(Dataset items)

<<<<

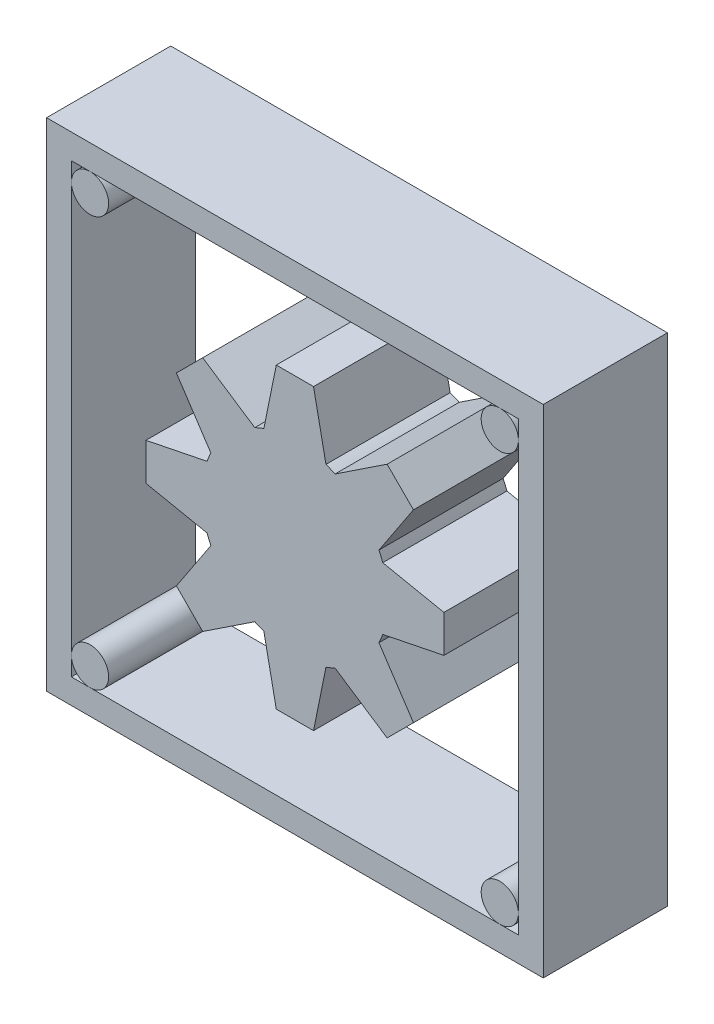
from build123d import *

# Parameters (mm, degrees)
BOSS_EXTRUDE1_DEPTH   = 10
SKETCH1_W             = 40
SKETCH1_H             = 40
SKETCH1_W_2           = 36
SKETCH1_H_2           = 36
BOSS_EXTRUDE1_2_DEPTH = 10
SKETCH2_R             = 1.5
BOSS_EXTRUDE2_DEPTH   = 10
BOSS_EXTRUDE2_2_DEPTH = 10
BOSS_EXTRUDE2_3_DEPTH = 10
BOSS_EXTRUDE2_4_DEPTH = 10


with BuildPart() as part:
    # Sketch1 → Boss-Extrude1 (new body)
    with BuildSketch(Plane.XY):
        with BuildLine():
            Line((-2.5, 7.071067812), (-1.5, 12))
            Line((-1.5, 12), (1.5, 12))
            Line((1.5, 12), (2.5, 7.071067812))
            ThreePointArc((2.5, 7.071067812), (2.870125743, 6.929096494), (3.232233047, 6.767766953))
            Line((3.232233047, 6.767766953), (7.424621202, 9.545941546))
            Line((7.424621202, 9.545941546), (9.545941546, 7.424621202))
            Line((9.545941546, 7.424621202), (6.767766953, 3.232233047))
            ThreePointArc((6.767766953, 3.232233047), (6.929096494, 2.870125743), (7.071067812, 2.5))
            Line((7.071067812, 2.5), (12, 1.5))
            Line((12, 1.5), (12, -1.5))
            Line((12, -1.5), (7.071067812, -2.5))
            ThreePointArc((7.071067812, -2.5), (6.929096494, -2.870125743), (6.767766953, -3.232233047))
            Line((6.767766953, -3.232233047), (9.545941546, -7.424621202))
            Line((9.545941546, -7.424621202), (7.424621202, -9.545941546))
            Line((7.424621202, -9.545941546), (3.232233047, -6.767766953))
            ThreePointArc((3.232233047, -6.767766953), (2.870125743, -6.929096494), (2.5, -7.071067812))
            Line((2.5, -7.071067812), (1.5, -12))
            Line((1.5, -12), (-1.5, -12))
            Line((-1.5, -12), (-2.5, -7.071067812))
            ThreePointArc((-2.5, -7.071067812), (-2.870125743, -6.929096494), (-3.232233047, -6.767766953))
            Line((-3.232233047, -6.767766953), (-7.424621202, -9.545941546))
            Line((-7.424621202, -9.545941546), (-9.545941546, -7.424621202))
            Line((-9.545941546, -7.424621202), (-6.767766953, -3.232233047))
            ThreePointArc((-6.767766953, -3.232233047), (-6.929096494, -2.870125743), (-7.071067812, -2.5))
            Line((-7.071067812, -2.5), (-12, -1.5))
            Line((-12, -1.5), (-12, 1.5))
            Line((-12, 1.5), (-7.071067812, 2.5))
            ThreePointArc((-7.071067812, 2.5), (-6.929096494, 2.870125743), (-6.767766953, 3.232233047))
            Line((-6.767766953, 3.232233047), (-9.545941546, 7.424621202))
            Line((-9.545941546, 7.424621202), (-7.424621202, 9.545941546))
            Line((-7.424621202, 9.545941546), (-3.232233047, 6.767766953))
            ThreePointArc((-3.232233047, 6.767766953), (-2.870125743, 6.929096494), (-2.5, 7.071067812))
        make_face()
    extrude(amount=BOSS_EXTRUDE1_DEPTH)


with BuildPart() as body_2:
    # Sketch1 → Boss-Extrude1 2 (new body)
    with BuildSketch(Plane.XY):
        Rectangle(SKETCH1_W, SKETCH1_H)
        Rectangle(SKETCH1_W_2, SKETCH1_H_2, mode=Mode.SUBTRACT)
    extrude(amount=BOSS_EXTRUDE1_2_DEPTH)


with BuildPart() as body_3:
    # Sketch2 → Boss-Extrude2 (new body)
    with BuildSketch(Plane.XY.offset(10)):
        with Locations((-16.5, 16.5)):
            Circle(SKETCH2_R)
    extrude(amount=-BOSS_EXTRUDE2_DEPTH)


with BuildPart() as body_4:
    # Sketch2 → Boss-Extrude2 2 (new body)
    with BuildSketch(Plane.XY.offset(10)):
        with Locations((16.5, 16.5)):
            Circle(SKETCH2_R)
    extrude(amount=-BOSS_EXTRUDE2_2_DEPTH)


with BuildPart() as body_5:
    # Sketch2 → Boss-Extrude2 3 (new body)
    with BuildSketch(Plane.XY.offset(10)):
        with Locations((16.5, -16.5)):
            Circle(SKETCH2_R)
    extrude(amount=-BOSS_EXTRUDE2_3_DEPTH)


with BuildPart() as body_6:
    # Sketch2 → Boss-Extrude2 4 (new body)
    with BuildSketch(Plane.XY.offset(10)):
        with Locations((-16.5, -16.5)):
            Circle(SKETCH2_R)
    extrude(amount=-BOSS_EXTRUDE2_4_DEPTH)


solid = Compound([part.part, body_2.part, body_3.part, body_4.part, body_5.part, body_6.part])
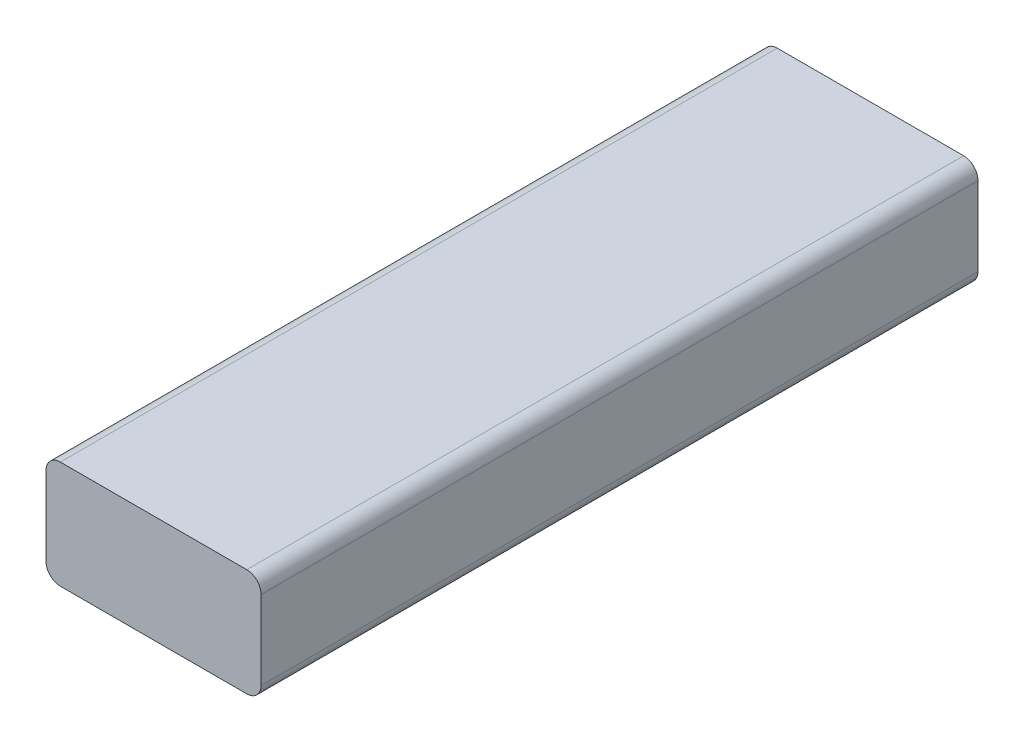
from build123d import *

# Parameters (mm, degrees)
SKETCH1_W           = 76.2
SKETCH1_H           = 38.1
BOSS_EXTRUDE1_DEPTH = 254
FILLET1_R           = 5.08


with BuildPart() as part:
    # Sketch1 → Boss-Extrude1 (new body)
    with BuildSketch(Plane.XY):
        with Locations((38.1, 19.05)):
            Rectangle(SKETCH1_W, SKETCH1_H)
    extrude(amount=BOSS_EXTRUDE1_DEPTH)

    # Fillet1
    fillet1_edges = [part.edges().sort_by_distance(p)[0] for p in [
        (0, 38.1, 127),
        (76.2, 38.1, 127),
        (76.2, 0, 127),
        (0, 0, 127),
    ]]
    fillet(fillet1_edges, radius=FILLET1_R)


solid = part.part
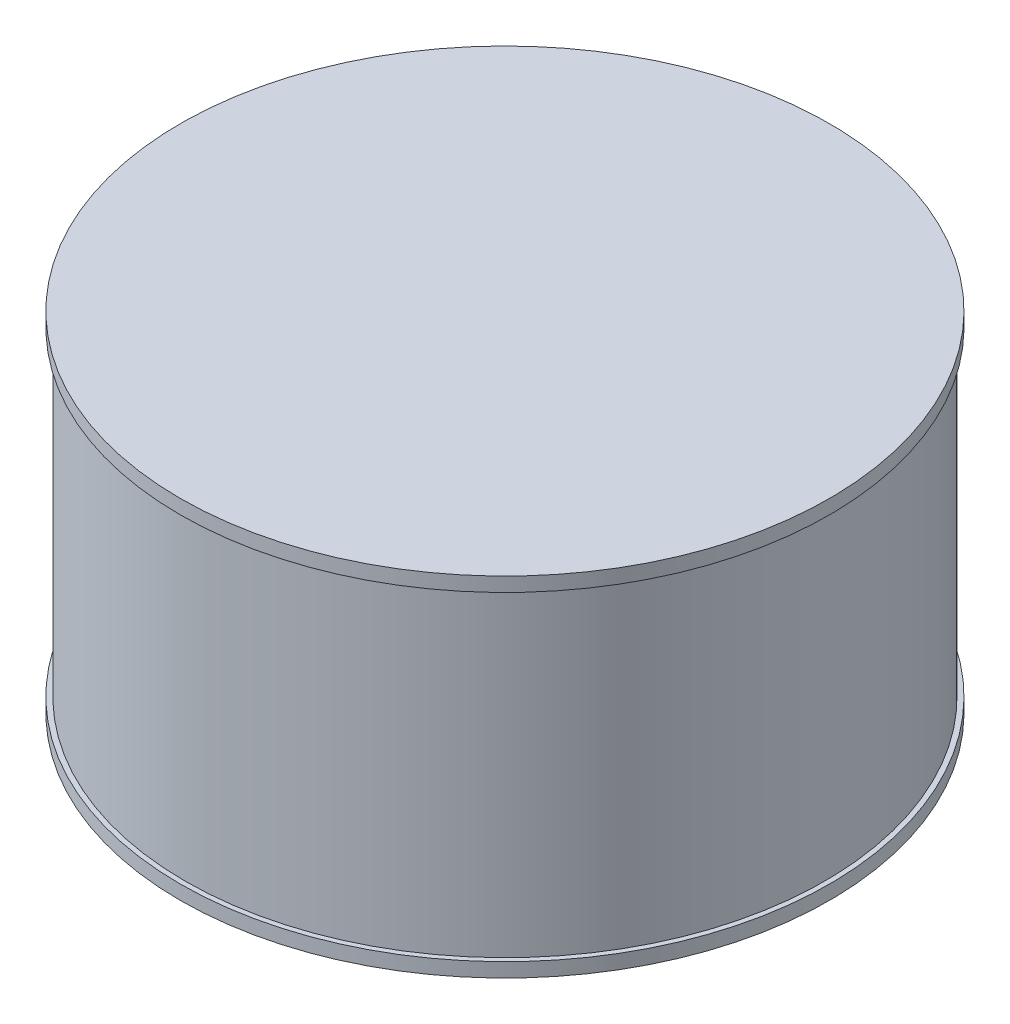
from build123d import *

# Parameters (mm, degrees)
SKETCH1_R           = 45
BOSS_EXTRUDE1_DEPTH = 22.5
SKETCH2_R           = 45.69
BOSS_EXTRUDE2_DEPTH = 2


with BuildPart() as part:
    # Sketch1 → Boss-Extrude1 (new, symmetric)
    with BuildSketch(Plane(origin=(0, 0, 0), x_dir=(1, 0, 0), z_dir=(0, 1, 0))):
        with Locations(Location((0, 0, 0), (0, 0, 90))):
            Circle(SKETCH1_R)
    extrude(amount=BOSS_EXTRUDE1_DEPTH, both=True)

    # Sketch2 → Boss-Extrude2 (add)
    with BuildSketch(Plane(origin=(0, 22.5, 0), x_dir=(1, 0, 0), z_dir=(0, 1, 0))):
        with Locations(Location((0, 0, 0), (0, 0, 270))):
            Circle(SKETCH2_R)
    boss_extrude2 = extrude(amount=BOSS_EXTRUDE2_DEPTH)

    # Mirror1: Boss-Extrude2 across plane
    add(boss_extrude2.mirror(Plane.ZX))


solid = part.part

>>>>

=== Assigned task ===
In the entries above, identify every line with the word "BuildPart". Copy those lines.

=== Solution for this problem ===
with BuildPart() as part:
with BuildPart() as body_2:
with BuildPart() as body_3:
with BuildPart() as body_4:
with BuildPart() as body_5:
with BuildPart() as body_6:
with BuildPart() as part:
with BuildPart() as part:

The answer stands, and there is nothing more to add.